Il criterio, dunque, non è l’efficientismo e tantomeno il successo ma il fidarsi del Cielo nonostante la mancanza di risorse e di garanzie. Non bisacce e neppure ricerca di appoggi intrattenendosi nelle amicizie come ad averne un tornaconto, ma costanza nel cammino rivolto verso la meta: è il traguardo cercato, infatti, a dare senso ai propri giorni.
È necessaria una quotidiana semina di bene, fatta di piccole cose, di azioni che trasgrediscono il comune sentire fondato sul pensare solo a se stessi, uno sguardo che parte dall’altro e, in particolare, da quanti sono considerati più piccoli.
Il Maestro, al contempo, ricorda ai discepoli che il gusto della meta è già presente ed è, infatti, motivo di gioia sapere che il proprio nome è scritto in Cielo. Altrimenti si andrebbe alla ricerca di gloria e di riconoscimenti che andrebbero a legare al compromesso o al tornaconto per avere consenso, così come accade nelle alleanze amicali fondate sull’interesse per certi soggetti politici o lobby di potere o, ancora, per le mafie di ogni luogo.
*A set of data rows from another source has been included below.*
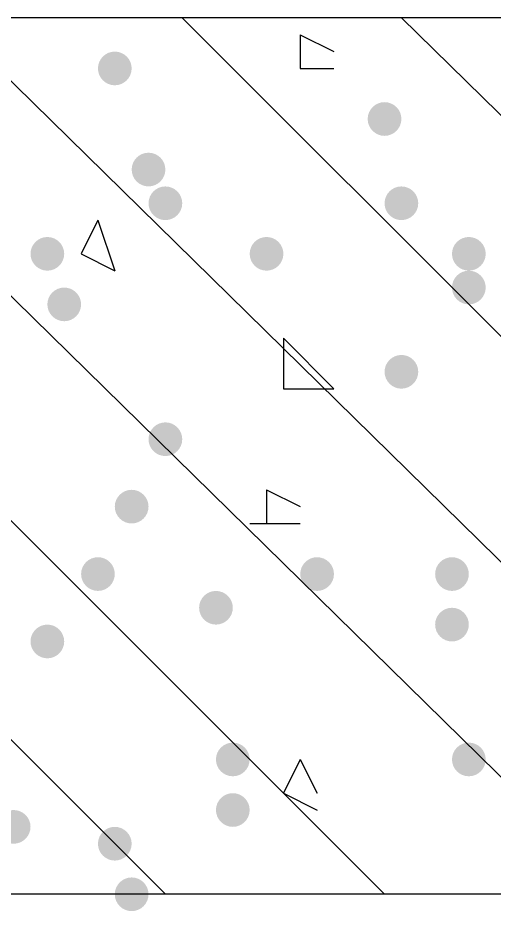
# Model space of a CAD drawing. Header units: inches. Extents: x 11 to 286, y 6 to 196.
# Drawn here: x 104.969 to 106.165, y 91.708 to 93.952 of the extents above; entities that cross this region are included whole.
import ezdxf

# ---------------------------------------------------------------- set-up
doc = ezdxf.new("R2010")
doc.units = ezdxf.units.IN
doc.header["$MEASUREMENT"] = 0
doc.layers.add('PDF_几何图形', color=7, linetype='Continuous')
doc.layers.add('PDF_实体填充', color=7, linetype='Continuous', true_color=0xffffff)

msp = doc.modelspace()

# ---------------------------------------------------------------- hatches: boundary and pattern name
at = {"layer": 'PDF_实体填充', "transparency": 33554559}
h = msp.add_hatch(color=7, dxfattribs=at)
edge = h.paths.add_edge_path(flags=0)
edge.add_spline(control_points=[(105.2548, 93.8248), (105.2548, 93.8015), (105.2357, 93.7824), (105.2124, 93.7824)], knot_values=[0, 0, 0, 0, 1, 1, 1, 1], degree=3, periodic=0)
edge.add_spline(control_points=[(105.2124, 93.7824), (105.1892, 93.7824), (105.1701, 93.8015), (105.1701, 93.8248)], knot_values=[0, 0, 0, 0, 1, 1, 1, 1], degree=3, periodic=0)
edge.add_line((105.1701, 93.8248), (105.1701, 93.8248))
edge.add_spline(control_points=[(105.1701, 93.8248), (105.1701, 93.8481), (105.1892, 93.8671), (105.2124, 93.8671)], knot_values=[0, 0, 0, 0, 1, 1, 1, 1], degree=3, periodic=0)
edge.add_spline(control_points=[(105.2124, 93.8671), (105.2357, 93.8671), (105.2548, 93.8481), (105.2548, 93.8248)], knot_values=[0, 0, 0, 0, 1, 1, 1, 1], degree=3, periodic=0)
edge.add_line((105.2548, 93.8248), (105.2548, 93.8248))
edge.add_line((105.2548, 93.8248), (105.2548, 93.8248))
h = msp.add_hatch(color=7, dxfattribs=at)
edge = h.paths.add_edge_path(flags=0)
edge.add_spline(control_points=[(105.9321, 93.6978), (105.9321, 93.6745), (105.9131, 93.6554), (105.8898, 93.6554)], knot_values=[0, 0, 0, 0, 1, 1, 1, 1], degree=3, periodic=0)
edge.add_spline(control_points=[(105.8898, 93.6554), (105.8665, 93.6554), (105.8474, 93.6745), (105.8474, 93.6978)], knot_values=[0, 0, 0, 0, 1, 1, 1, 1], degree=3, periodic=0)
edge.add_line((105.8474, 93.6978), (105.8474, 93.6978))
edge.add_spline(control_points=[(105.8474, 93.6978), (105.8474, 93.7211), (105.8665, 93.7401), (105.8898, 93.7401)], knot_values=[0, 0, 0, 0, 1, 1, 1, 1], degree=3, periodic=0)
edge.add_spline(control_points=[(105.8898, 93.7401), (105.9131, 93.7401), (105.9321, 93.7211), (105.9321, 93.6978)], knot_values=[0, 0, 0, 0, 1, 1, 1, 1], degree=3, periodic=0)
edge.add_line((105.9321, 93.6978), (105.9321, 93.6978))
edge.add_line((105.9321, 93.6978), (105.9321, 93.6978))
h = msp.add_hatch(color=7, dxfattribs=at)
edge = h.paths.add_edge_path(flags=0)
edge.add_spline(control_points=[(105.3394, 93.5708), (105.3394, 93.5475), (105.3204, 93.5284), (105.2971, 93.5284)], knot_values=[0, 0, 0, 0, 1, 1, 1, 1], degree=3, periodic=0)
edge.add_spline(control_points=[(105.2971, 93.5284), (105.2738, 93.5284), (105.2548, 93.5475), (105.2548, 93.5708)], knot_values=[0, 0, 0, 0, 1, 1, 1, 1], degree=3, periodic=0)
edge.add_line((105.2548, 93.5708), (105.2548, 93.5708))
edge.add_spline(control_points=[(105.2548, 93.5708), (105.2548, 93.5941), (105.2738, 93.6131), (105.2971, 93.6131)], knot_values=[0, 0, 0, 0, 1, 1, 1, 1], degree=3, periodic=0)
edge.add_spline(control_points=[(105.2971, 93.6131), (105.3204, 93.6131), (105.3394, 93.5941), (105.3394, 93.5708)], knot_values=[0, 0, 0, 0, 1, 1, 1, 1], degree=3, periodic=0)
edge.add_line((105.3394, 93.5708), (105.3394, 93.5708))
edge.add_line((105.3394, 93.5708), (105.3394, 93.5708))
h = msp.add_hatch(color=7, dxfattribs=at)
edge = h.paths.add_edge_path(flags=0)
edge.add_spline(control_points=[(105.3818, 93.4861), (105.3818, 93.4628), (105.3627, 93.4438), (105.3394, 93.4438)], knot_values=[0, 0, 0, 0, 1, 1, 1, 1], degree=3, periodic=0)
edge.add_spline(control_points=[(105.3394, 93.4438), (105.3162, 93.4438), (105.2971, 93.4628), (105.2971, 93.4861)], knot_values=[0, 0, 0, 0, 1, 1, 1, 1], degree=3, periodic=0)
edge.add_line((105.2971, 93.4861), (105.2971, 93.4861))
edge.add_spline(control_points=[(105.2971, 93.4861), (105.2971, 93.5094), (105.3162, 93.5284), (105.3394, 93.5284)], knot_values=[0, 0, 0, 0, 1, 1, 1, 1], degree=3, periodic=0)
edge.add_spline(control_points=[(105.3394, 93.5284), (105.3627, 93.5284), (105.3818, 93.5094), (105.3818, 93.4861)], knot_values=[0, 0, 0, 0, 1, 1, 1, 1], degree=3, periodic=0)
edge.add_line((105.3818, 93.4861), (105.3818, 93.4861))
edge.add_line((105.3818, 93.4861), (105.3818, 93.4861))
h = msp.add_hatch(color=7, dxfattribs=at)
edge = h.paths.add_edge_path(flags=0)
edge.add_spline(control_points=[(105.9744, 93.4861), (105.9744, 93.4628), (105.9554, 93.4438), (105.9321, 93.4438)], knot_values=[0, 0, 0, 0, 1, 1, 1, 1], degree=3, periodic=0)
edge.add_spline(control_points=[(105.9321, 93.4438), (105.9088, 93.4438), (105.8898, 93.4628), (105.8898, 93.4861)], knot_values=[0, 0, 0, 0, 1, 1, 1, 1], degree=3, periodic=0)
edge.add_line((105.8898, 93.4861), (105.8898, 93.4861))
edge.add_spline(control_points=[(105.8898, 93.4861), (105.8898, 93.5094), (105.9088, 93.5284), (105.9321, 93.5284)], knot_values=[0, 0, 0, 0, 1, 1, 1, 1], degree=3, periodic=0)
edge.add_spline(control_points=[(105.9321, 93.5284), (105.9554, 93.5284), (105.9744, 93.5094), (105.9744, 93.4861)], knot_values=[0, 0, 0, 0, 1, 1, 1, 1], degree=3, periodic=0)
edge.add_line((105.9744, 93.4861), (105.9744, 93.4861))
edge.add_line((105.9744, 93.4861), (105.9744, 93.4861))
h = msp.add_hatch(color=7, dxfattribs=at)
edge = h.paths.add_edge_path(flags=0)
edge.add_spline(control_points=[(105.0854, 93.3591), (105.0854, 93.3358), (105.0664, 93.3168), (105.0431, 93.3168)], knot_values=[0, 0, 0, 0, 1, 1, 1, 1], degree=3, periodic=0)
edge.add_spline(control_points=[(105.0431, 93.3168), (105.0198, 93.3168), (105.0008, 93.3358), (105.0008, 93.3591)], knot_values=[0, 0, 0, 0, 1, 1, 1, 1], degree=3, periodic=0)
edge.add_line((105.0008, 93.3591), (105.0008, 93.3591))
edge.add_spline(control_points=[(105.0008, 93.3591), (105.0008, 93.3824), (105.0198, 93.4014), (105.0431, 93.4014)], knot_values=[0, 0, 0, 0, 1, 1, 1, 1], degree=3, periodic=0)
edge.add_spline(control_points=[(105.0431, 93.4014), (105.0664, 93.4014), (105.0854, 93.3824), (105.0854, 93.3591)], knot_values=[0, 0, 0, 0, 1, 1, 1, 1], degree=3, periodic=0)
edge.add_line((105.0854, 93.3591), (105.0854, 93.3591))
edge.add_line((105.0854, 93.3591), (105.0854, 93.3591))
h = msp.add_hatch(color=7, dxfattribs=at)
edge = h.paths.add_edge_path(flags=0)
edge.add_spline(control_points=[(105.6358, 93.3591), (105.6358, 93.3358), (105.6167, 93.3168), (105.5934, 93.3168)], knot_values=[0, 0, 0, 0, 1, 1, 1, 1], degree=3, periodic=0)
edge.add_spline(control_points=[(105.5934, 93.3168), (105.5702, 93.3168), (105.5511, 93.3358), (105.5511, 93.3591)], knot_values=[0, 0, 0, 0, 1, 1, 1, 1], degree=3, periodic=0)
edge.add_line((105.5511, 93.3591), (105.5511, 93.3591))
edge.add_spline(control_points=[(105.5511, 93.3591), (105.5511, 93.3824), (105.5702, 93.4014), (105.5934, 93.4014)], knot_values=[0, 0, 0, 0, 1, 1, 1, 1], degree=3, periodic=0)
edge.add_spline(control_points=[(105.5934, 93.4014), (105.6167, 93.4014), (105.6358, 93.3824), (105.6358, 93.3591)], knot_values=[0, 0, 0, 0, 1, 1, 1, 1], degree=3, periodic=0)
edge.add_line((105.6358, 93.3591), (105.6358, 93.3591))
edge.add_line((105.6358, 93.3591), (105.6358, 93.3591))
h = msp.add_hatch(color=7, dxfattribs=at)
edge = h.paths.add_edge_path(flags=0)
edge.add_spline(control_points=[(106.1438, 93.3591), (106.1438, 93.3358), (106.1247, 93.3168), (106.1014, 93.3168)], knot_values=[0, 0, 0, 0, 1, 1, 1, 1], degree=3, periodic=0)
edge.add_spline(control_points=[(106.1014, 93.3168), (106.0782, 93.3168), (106.0591, 93.3358), (106.0591, 93.3591)], knot_values=[0, 0, 0, 0, 1, 1, 1, 1], degree=3, periodic=0)
edge.add_line((106.0591, 93.3591), (106.0591, 93.3591))
edge.add_spline(control_points=[(106.0591, 93.3591), (106.0591, 93.3824), (106.0782, 93.4014), (106.1014, 93.4014)], knot_values=[0, 0, 0, 0, 1, 1, 1, 1], degree=3, periodic=0)
edge.add_spline(control_points=[(106.1014, 93.4014), (106.1247, 93.4014), (106.1438, 93.3824), (106.1438, 93.3591)], knot_values=[0, 0, 0, 0, 1, 1, 1, 1], degree=3, periodic=0)
edge.add_line((106.1438, 93.3591), (106.1438, 93.3591))
edge.add_line((106.1438, 93.3591), (106.1438, 93.3591))
h = msp.add_hatch(color=7, dxfattribs=at)
edge = h.paths.add_edge_path(flags=0)
edge.add_spline(control_points=[(106.1438, 93.2744), (106.1438, 93.2512), (106.1247, 93.2321), (106.1014, 93.2321)], knot_values=[0, 0, 0, 0, 1, 1, 1, 1], degree=3, periodic=0)
edge.add_spline(control_points=[(106.1014, 93.2321), (106.0782, 93.2321), (106.0591, 93.2512), (106.0591, 93.2744)], knot_values=[0, 0, 0, 0, 1, 1, 1, 1], degree=3, periodic=0)
edge.add_line((106.0591, 93.2744), (106.0591, 93.2744))
edge.add_spline(control_points=[(106.0591, 93.2744), (106.0591, 93.2977), (106.0782, 93.3168), (106.1014, 93.3168)], knot_values=[0, 0, 0, 0, 1, 1, 1, 1], degree=3, periodic=0)
edge.add_spline(control_points=[(106.1014, 93.3168), (106.1247, 93.3168), (106.1438, 93.2977), (106.1438, 93.2744)], knot_values=[0, 0, 0, 0, 1, 1, 1, 1], degree=3, periodic=0)
edge.add_line((106.1438, 93.2744), (106.1438, 93.2744))
edge.add_line((106.1438, 93.2744), (106.1438, 93.2744))
h = msp.add_hatch(color=7, dxfattribs=at)
edge = h.paths.add_edge_path(flags=0)
edge.add_spline(control_points=[(105.1278, 93.2321), (105.1278, 93.2088), (105.1087, 93.1898), (105.0854, 93.1898)], knot_values=[0, 0, 0, 0, 1, 1, 1, 1], degree=3, periodic=0)
edge.add_spline(control_points=[(105.0854, 93.1898), (105.0622, 93.1898), (105.0431, 93.2088), (105.0431, 93.2321)], knot_values=[0, 0, 0, 0, 1, 1, 1, 1], degree=3, periodic=0)
edge.add_line((105.0431, 93.2321), (105.0431, 93.2321))
edge.add_spline(control_points=[(105.0431, 93.2321), (105.0431, 93.2554), (105.0622, 93.2744), (105.0854, 93.2744)], knot_values=[0, 0, 0, 0, 1, 1, 1, 1], degree=3, periodic=0)
edge.add_spline(control_points=[(105.0854, 93.2744), (105.1087, 93.2744), (105.1278, 93.2554), (105.1278, 93.2321)], knot_values=[0, 0, 0, 0, 1, 1, 1, 1], degree=3, periodic=0)
edge.add_line((105.1278, 93.2321), (105.1278, 93.2321))
edge.add_line((105.1278, 93.2321), (105.1278, 93.2321))
h = msp.add_hatch(color=7, dxfattribs=at)
edge = h.paths.add_edge_path(flags=0)
edge.add_spline(control_points=[(105.9744, 93.0628), (105.9744, 93.0395), (105.9554, 93.0204), (105.9321, 93.0204)], knot_values=[0, 0, 0, 0, 1, 1, 1, 1], degree=3, periodic=0)
edge.add_spline(control_points=[(105.9321, 93.0204), (105.9088, 93.0204), (105.8898, 93.0395), (105.8898, 93.0628)], knot_values=[0, 0, 0, 0, 1, 1, 1, 1], degree=3, periodic=0)
edge.add_line((105.8898, 93.0628), (105.8898, 93.0628))
edge.add_spline(control_points=[(105.8898, 93.0628), (105.8898, 93.0861), (105.9088, 93.1051), (105.9321, 93.1051)], knot_values=[0, 0, 0, 0, 1, 1, 1, 1], degree=3, periodic=0)
edge.add_spline(control_points=[(105.9321, 93.1051), (105.9554, 93.1051), (105.9744, 93.0861), (105.9744, 93.0628)], knot_values=[0, 0, 0, 0, 1, 1, 1, 1], degree=3, periodic=0)
edge.add_line((105.9744, 93.0628), (105.9744, 93.0628))
edge.add_line((105.9744, 93.0628), (105.9744, 93.0628))
h = msp.add_hatch(color=7, dxfattribs=at)
edge = h.paths.add_edge_path(flags=0)
edge.add_spline(control_points=[(105.3818, 92.8934), (105.3818, 92.8702), (105.3627, 92.8511), (105.3394, 92.8511)], knot_values=[0, 0, 0, 0, 1, 1, 1, 1], degree=3, periodic=0)
edge.add_spline(control_points=[(105.3394, 92.8511), (105.3162, 92.8511), (105.2971, 92.8702), (105.2971, 92.8934)], knot_values=[0, 0, 0, 0, 1, 1, 1, 1], degree=3, periodic=0)
edge.add_line((105.2971, 92.8934), (105.2971, 92.8934))
edge.add_spline(control_points=[(105.2971, 92.8934), (105.2971, 92.9167), (105.3162, 92.9358), (105.3394, 92.9358)], knot_values=[0, 0, 0, 0, 1, 1, 1, 1], degree=3, periodic=0)
edge.add_spline(control_points=[(105.3394, 92.9358), (105.3627, 92.9358), (105.3818, 92.9167), (105.3818, 92.8934)], knot_values=[0, 0, 0, 0, 1, 1, 1, 1], degree=3, periodic=0)
edge.add_line((105.3818, 92.8934), (105.3818, 92.8934))
edge.add_line((105.3818, 92.8934), (105.3818, 92.8934))
h = msp.add_hatch(color=7, dxfattribs=at)
edge = h.paths.add_edge_path(flags=0)
edge.add_spline(control_points=[(105.2971, 92.7241), (105.2971, 92.7008), (105.2781, 92.6818), (105.2548, 92.6818)], knot_values=[0, 0, 0, 0, 1, 1, 1, 1], degree=3, periodic=0)
edge.add_spline(control_points=[(105.2548, 92.6818), (105.2315, 92.6818), (105.2124, 92.7008), (105.2124, 92.7241)], knot_values=[0, 0, 0, 0, 1, 1, 1, 1], degree=3, periodic=0)
edge.add_line((105.2124, 92.7241), (105.2124, 92.7241))
edge.add_spline(control_points=[(105.2124, 92.7241), (105.2124, 92.7474), (105.2315, 92.7664), (105.2548, 92.7664)], knot_values=[0, 0, 0, 0, 1, 1, 1, 1], degree=3, periodic=0)
edge.add_spline(control_points=[(105.2548, 92.7664), (105.2781, 92.7664), (105.2971, 92.7474), (105.2971, 92.7241)], knot_values=[0, 0, 0, 0, 1, 1, 1, 1], degree=3, periodic=0)
edge.add_line((105.2971, 92.7241), (105.2971, 92.7241))
edge.add_line((105.2971, 92.7241), (105.2971, 92.7241))
h = msp.add_hatch(color=7, dxfattribs=at)
edge = h.paths.add_edge_path(flags=0)
edge.add_spline(control_points=[(105.2124, 92.5548), (105.2124, 92.5315), (105.1934, 92.5124), (105.1701, 92.5124)], knot_values=[0, 0, 0, 0, 1, 1, 1, 1], degree=3, periodic=0)
edge.add_spline(control_points=[(105.1701, 92.5124), (105.1468, 92.5124), (105.1278, 92.5315), (105.1278, 92.5548)], knot_values=[0, 0, 0, 0, 1, 1, 1, 1], degree=3, periodic=0)
edge.add_line((105.1278, 92.5548), (105.1278, 92.5548))
edge.add_spline(control_points=[(105.1278, 92.5548), (105.1278, 92.5781), (105.1468, 92.5971), (105.1701, 92.5971)], knot_values=[0, 0, 0, 0, 1, 1, 1, 1], degree=3, periodic=0)
edge.add_spline(control_points=[(105.1701, 92.5971), (105.1934, 92.5971), (105.2124, 92.5781), (105.2124, 92.5548)], knot_values=[0, 0, 0, 0, 1, 1, 1, 1], degree=3, periodic=0)
edge.add_line((105.2124, 92.5548), (105.2124, 92.5548))
edge.add_line((105.2124, 92.5548), (105.2124, 92.5548))
h = msp.add_hatch(color=7, dxfattribs=at)
edge = h.paths.add_edge_path(flags=0)
edge.add_spline(control_points=[(105.7628, 92.5548), (105.7628, 92.5315), (105.7437, 92.5124), (105.7204, 92.5124)], knot_values=[0, 0, 0, 0, 1, 1, 1, 1], degree=3, periodic=0)
edge.add_spline(control_points=[(105.7204, 92.5124), (105.6972, 92.5124), (105.6781, 92.5315), (105.6781, 92.5548)], knot_values=[0, 0, 0, 0, 1, 1, 1, 1], degree=3, periodic=0)
edge.add_line((105.6781, 92.5548), (105.6781, 92.5548))
edge.add_spline(control_points=[(105.6781, 92.5548), (105.6781, 92.5781), (105.6972, 92.5971), (105.7204, 92.5971)], knot_values=[0, 0, 0, 0, 1, 1, 1, 1], degree=3, periodic=0)
edge.add_spline(control_points=[(105.7204, 92.5971), (105.7437, 92.5971), (105.7628, 92.5781), (105.7628, 92.5548)], knot_values=[0, 0, 0, 0, 1, 1, 1, 1], degree=3, periodic=0)
edge.add_line((105.7628, 92.5548), (105.7628, 92.5548))
edge.add_line((105.7628, 92.5548), (105.7628, 92.5548))
h = msp.add_hatch(color=7, dxfattribs=at)
edge = h.paths.add_edge_path(flags=0)
edge.add_spline(control_points=[(106.1014, 92.5548), (106.1014, 92.5315), (106.0824, 92.5124), (106.0591, 92.5124)], knot_values=[0, 0, 0, 0, 1, 1, 1, 1], degree=3, periodic=0)
edge.add_spline(control_points=[(106.0591, 92.5124), (106.0358, 92.5124), (106.0168, 92.5315), (106.0168, 92.5548)], knot_values=[0, 0, 0, 0, 1, 1, 1, 1], degree=3, periodic=0)
edge.add_line((106.0168, 92.5548), (106.0168, 92.5548))
edge.add_spline(control_points=[(106.0168, 92.5548), (106.0168, 92.5781), (106.0358, 92.5971), (106.0591, 92.5971)], knot_values=[0, 0, 0, 0, 1, 1, 1, 1], degree=3, periodic=0)
edge.add_spline(control_points=[(106.0591, 92.5971), (106.0824, 92.5971), (106.1014, 92.5781), (106.1014, 92.5548)], knot_values=[0, 0, 0, 0, 1, 1, 1, 1], degree=3, periodic=0)
edge.add_line((106.1014, 92.5548), (106.1014, 92.5548))
edge.add_line((106.1014, 92.5548), (106.1014, 92.5548))
h = msp.add_hatch(color=7, dxfattribs=at)
edge = h.paths.add_edge_path(flags=0)
edge.add_spline(control_points=[(105.5088, 92.4701), (105.5088, 92.4468), (105.4897, 92.4278), (105.4664, 92.4278)], knot_values=[0, 0, 0, 0, 1, 1, 1, 1], degree=3, periodic=0)
edge.add_spline(control_points=[(105.4664, 92.4278), (105.4432, 92.4278), (105.4241, 92.4468), (105.4241, 92.4701)], knot_values=[0, 0, 0, 0, 1, 1, 1, 1], degree=3, periodic=0)
edge.add_line((105.4241, 92.4701), (105.4241, 92.4701))
edge.add_spline(control_points=[(105.4241, 92.4701), (105.4241, 92.4934), (105.4432, 92.5124), (105.4664, 92.5124)], knot_values=[0, 0, 0, 0, 1, 1, 1, 1], degree=3, periodic=0)
edge.add_spline(control_points=[(105.4664, 92.5124), (105.4897, 92.5124), (105.5088, 92.4934), (105.5088, 92.4701)], knot_values=[0, 0, 0, 0, 1, 1, 1, 1], degree=3, periodic=0)
edge.add_line((105.5088, 92.4701), (105.5088, 92.4701))
edge.add_line((105.5088, 92.4701), (105.5088, 92.4701))
h = msp.add_hatch(color=7, dxfattribs=at)
edge = h.paths.add_edge_path(flags=0)
edge.add_spline(control_points=[(106.1014, 92.4278), (106.1014, 92.4045), (106.0824, 92.3854), (106.0591, 92.3854)], knot_values=[0, 0, 0, 0, 1, 1, 1, 1], degree=3, periodic=0)
edge.add_spline(control_points=[(106.0591, 92.3854), (106.0358, 92.3854), (106.0168, 92.4045), (106.0168, 92.4278)], knot_values=[0, 0, 0, 0, 1, 1, 1, 1], degree=3, periodic=0)
edge.add_line((106.0168, 92.4278), (106.0168, 92.4278))
edge.add_spline(control_points=[(106.0168, 92.4278), (106.0168, 92.4511), (106.0358, 92.4701), (106.0591, 92.4701)], knot_values=[0, 0, 0, 0, 1, 1, 1, 1], degree=3, periodic=0)
edge.add_spline(control_points=[(106.0591, 92.4701), (106.0824, 92.4701), (106.1014, 92.4511), (106.1014, 92.4278)], knot_values=[0, 0, 0, 0, 1, 1, 1, 1], degree=3, periodic=0)
edge.add_line((106.1014, 92.4278), (106.1014, 92.4278))
edge.add_line((106.1014, 92.4278), (106.1014, 92.4278))
h = msp.add_hatch(color=7, dxfattribs=at)
edge = h.paths.add_edge_path(flags=0)
edge.add_spline(control_points=[(105.0854, 92.3854), (105.0854, 92.3622), (105.0664, 92.3431), (105.0431, 92.3431)], knot_values=[0, 0, 0, 0, 1, 1, 1, 1], degree=3, periodic=0)
edge.add_spline(control_points=[(105.0431, 92.3431), (105.0198, 92.3431), (105.0008, 92.3622), (105.0008, 92.3854)], knot_values=[0, 0, 0, 0, 1, 1, 1, 1], degree=3, periodic=0)
edge.add_line((105.0008, 92.3854), (105.0008, 92.3854))
edge.add_spline(control_points=[(105.0008, 92.3854), (105.0008, 92.4087), (105.0198, 92.4278), (105.0431, 92.4278)], knot_values=[0, 0, 0, 0, 1, 1, 1, 1], degree=3, periodic=0)
edge.add_spline(control_points=[(105.0431, 92.4278), (105.0664, 92.4278), (105.0854, 92.4087), (105.0854, 92.3854)], knot_values=[0, 0, 0, 0, 1, 1, 1, 1], degree=3, periodic=0)
edge.add_line((105.0854, 92.3854), (105.0854, 92.3854))
edge.add_line((105.0854, 92.3854), (105.0854, 92.3854))
h = msp.add_hatch(color=7, dxfattribs=at)
edge = h.paths.add_edge_path(flags=0)
edge.add_spline(control_points=[(105.5511, 92.0891), (105.5511, 92.0658), (105.5321, 92.0468), (105.5088, 92.0468)], knot_values=[0, 0, 0, 0, 1, 1, 1, 1], degree=3, periodic=0)
edge.add_spline(control_points=[(105.5088, 92.0468), (105.4855, 92.0468), (105.4664, 92.0658), (105.4664, 92.0891)], knot_values=[0, 0, 0, 0, 1, 1, 1, 1], degree=3, periodic=0)
edge.add_line((105.4664, 92.0891), (105.4664, 92.0891))
edge.add_spline(control_points=[(105.4664, 92.0891), (105.4664, 92.1124), (105.4855, 92.1314), (105.5088, 92.1314)], knot_values=[0, 0, 0, 0, 1, 1, 1, 1], degree=3, periodic=0)
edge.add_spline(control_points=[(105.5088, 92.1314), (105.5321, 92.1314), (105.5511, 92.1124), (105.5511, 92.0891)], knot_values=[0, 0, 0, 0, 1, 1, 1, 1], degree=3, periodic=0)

La fragilità non può essere mascherata con una scorza di sufficienza o prepotenza, piuttosto va assunta quale tratto del proprio cammino: tutti abbiamo bisogno degli altri, tutti sperimentiamo l’impotenza e la solitudine, tutti soffriamo per la mancanza o la perdita di una persona cara, tutti abbiamo bisogno di sentirci amati e di restituire amore per essere felici.
Nascondere questa evidenzia significherebbe nutrire un sistema che ingenera mali sociali, brame per soddisfare l’illusione di trovare appagamento dalla grandezza e dal potere, o per creare economie attraverso i mali sociali.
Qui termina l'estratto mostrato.